But government work is still there, plenty of it. “We are working on the next, high-speed Internet,” Popa says, “and what they call the ‘digital battlefield’; if we have to go into a war zone one day, the military won’t have to watch CNN to find out what is going on anymore,” he laughs. Nor has a relationship to the community been overlooked; HRL’s George F. Smith Auditorium hosts Malibu City Council meetings.

One wonders how Einstein, gazing so benignly over Chester’s shoulder, would feel about all of this? “This is a new world,” Chester says, returning to the mission of HRL. “We try to reach out to Einstein on one hand, and to the integrated circuit,” he says, pointing to a photograph hanging over one of Einstein, “and bridge the gap between them. That’s the role we’ve chosen in life.”

HRL at a glance:

Successor to Hughes Research Laboratories, a presence in Malibu since 1960.

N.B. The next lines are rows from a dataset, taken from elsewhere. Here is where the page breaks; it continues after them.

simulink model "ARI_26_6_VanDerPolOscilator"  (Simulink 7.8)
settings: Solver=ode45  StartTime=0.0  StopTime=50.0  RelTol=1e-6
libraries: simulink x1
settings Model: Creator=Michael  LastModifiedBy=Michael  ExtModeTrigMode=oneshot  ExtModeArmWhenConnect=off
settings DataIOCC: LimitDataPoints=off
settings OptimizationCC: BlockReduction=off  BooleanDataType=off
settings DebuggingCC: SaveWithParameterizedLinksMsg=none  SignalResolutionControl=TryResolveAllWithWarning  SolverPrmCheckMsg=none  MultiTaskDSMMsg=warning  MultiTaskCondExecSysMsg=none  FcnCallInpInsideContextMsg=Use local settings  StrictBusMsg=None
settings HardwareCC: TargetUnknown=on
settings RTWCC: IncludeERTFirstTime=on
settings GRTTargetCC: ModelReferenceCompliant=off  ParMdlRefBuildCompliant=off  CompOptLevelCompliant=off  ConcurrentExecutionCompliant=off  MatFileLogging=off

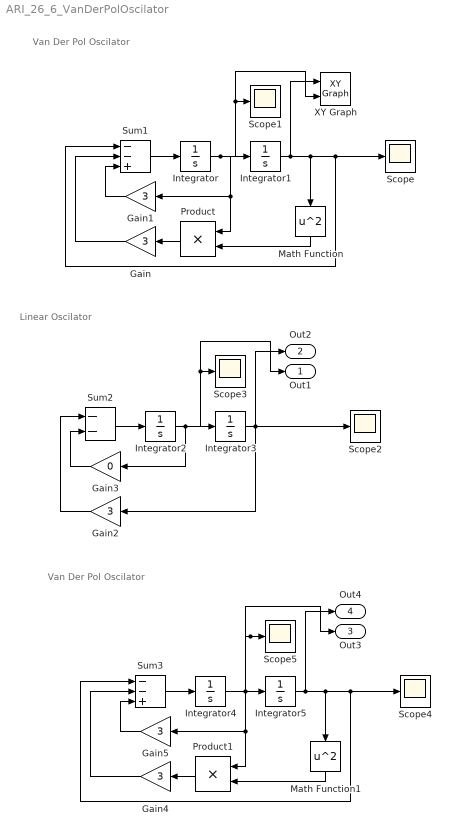
== system ARI_26_6_VanDerPolOscilator ==
  note: Van Der Pol Oscilator
  note: Linear Oscilator
  note: Van Der Pol Oscilator
  Gain{,1..2,4..5} (5 alike) : Gain  Gain=3  SaturateOnIntegerOverflow=on  OutDataTypeStr=Inherit: Same as input  ParamDataTypeStr=Inherit: Same as input
  Gain3 : Gain  Gain=0  SaturateOnIntegerOverflow=on  OutDataTypeStr=Inherit: Same as input  ParamDataTypeStr=Inherit: Same as input
  Integrator : Integrator  InitialCondition=3
  Integrator1 : Integrator  InitialCondition=2
  Integrator2 : Integrator  InitialCondition=1
  Integrator3 : Integrator  InitialCondition=-2:1:2
  Integrator4 : Integrator  InitialCondition=3
  Integrator5 : Integrator  InitialCondition=-2:1:2
  Math Function : Math  Operator=square  SaturateOnIntegerOverflow=on
  Math Function1 : Math  Operator=square  SaturateOnIntegerOverflow=on
  Product : Product  SaturateOnIntegerOverflow=on  RndMeth=Zero  InputSameDT=on  OutDataTypeStr=Inherit: Same as first input
  Product1 : Product  SaturateOnIntegerOverflow=on  RndMeth=Zero  InputSameDT=on  OutDataTypeStr=Inherit: Same as first input
  Scope{,1..5} (6 alike) : Scope
      Scope3 settings: SaveName=ScopeData2
      Scope4 settings: SaveName=ScopeData3
      Scope5 settings: SaveName=ScopeData4
  Sum1 : Sum  Inputs=--+  SaturateOnIntegerOverflow=on  InputSameDT=on  OutDataTypeStr=Inherit: Same as first input
  Sum2 : Sum  Inputs=--  SaturateOnIntegerOverflow=on  InputSameDT=on  OutDataTypeStr=Inherit: Same as first input
  Sum3 : Sum  Inputs=--+  SaturateOnIntegerOverflow=on  InputSameDT=on  OutDataTypeStr=Inherit: Same as first input
  XY Graph : simulink/Sinks/XY Graph  xmin=-3  xmax=3  ymin=-6  ymax=6  st=-1
  Out1 : Outport
  Out2 : Outport  Port=2
  Out3 : Outport  Port=3
  Out4 : Outport  Port=4
  wires:
  Sum1/1 -> Integrator/1
  Integrator/1 -> Integrator1/1, Product/1, Gain1/1, Scope1/1, XY Graph/2
  Math Function/1 -> Product/2
  Product/1 -> Gain/1
  Gain/1 -> Sum1/2
  Gain1/1 -> Sum1/3
  Integrator1/1 -> Math Function/1, Scope/1, Sum1/1, XY Graph/1
  Sum2/1 -> Integrator2/1
  Integrator2/1 -> Scope3/1, Out1/1, Integrator3/1, Gain3/1
  Gain3/1 -> Sum2/2
  Integrator3/1 -> Gain2/1, Scope2/1, Out2/1
  Gain2/1 -> Sum2/1
  Sum3/1 -> Integrator4/1
  Integrator4/1 -> Integrator5/1, Product1/1, Gain5/1, Out3/1, Scope5/1
  Math Function1/1 -> Product1/2
  Product1/1 -> Gain4/1
  Gain4/1 -> Sum3/2
  Gain5/1 -> Sum3/3
  Integrator5/1 -> Math Function1/1, Scope4/1, Sum3/1, Out4/1

Created in 1997 as a central research laboratory jointly owned by Hughes Electronics Corporation and the Raytheon Company.

Four major technical laboratories: Information Sciences; Microelectronics; Communications & Photonics; and Sensors and Materials. The technical labs also develop synergistic technologies for the Department of Defense, as well as other third parties including General Motors.

Budget: $70,000,000.

Employees: 430 (plus 150 in independent research labs).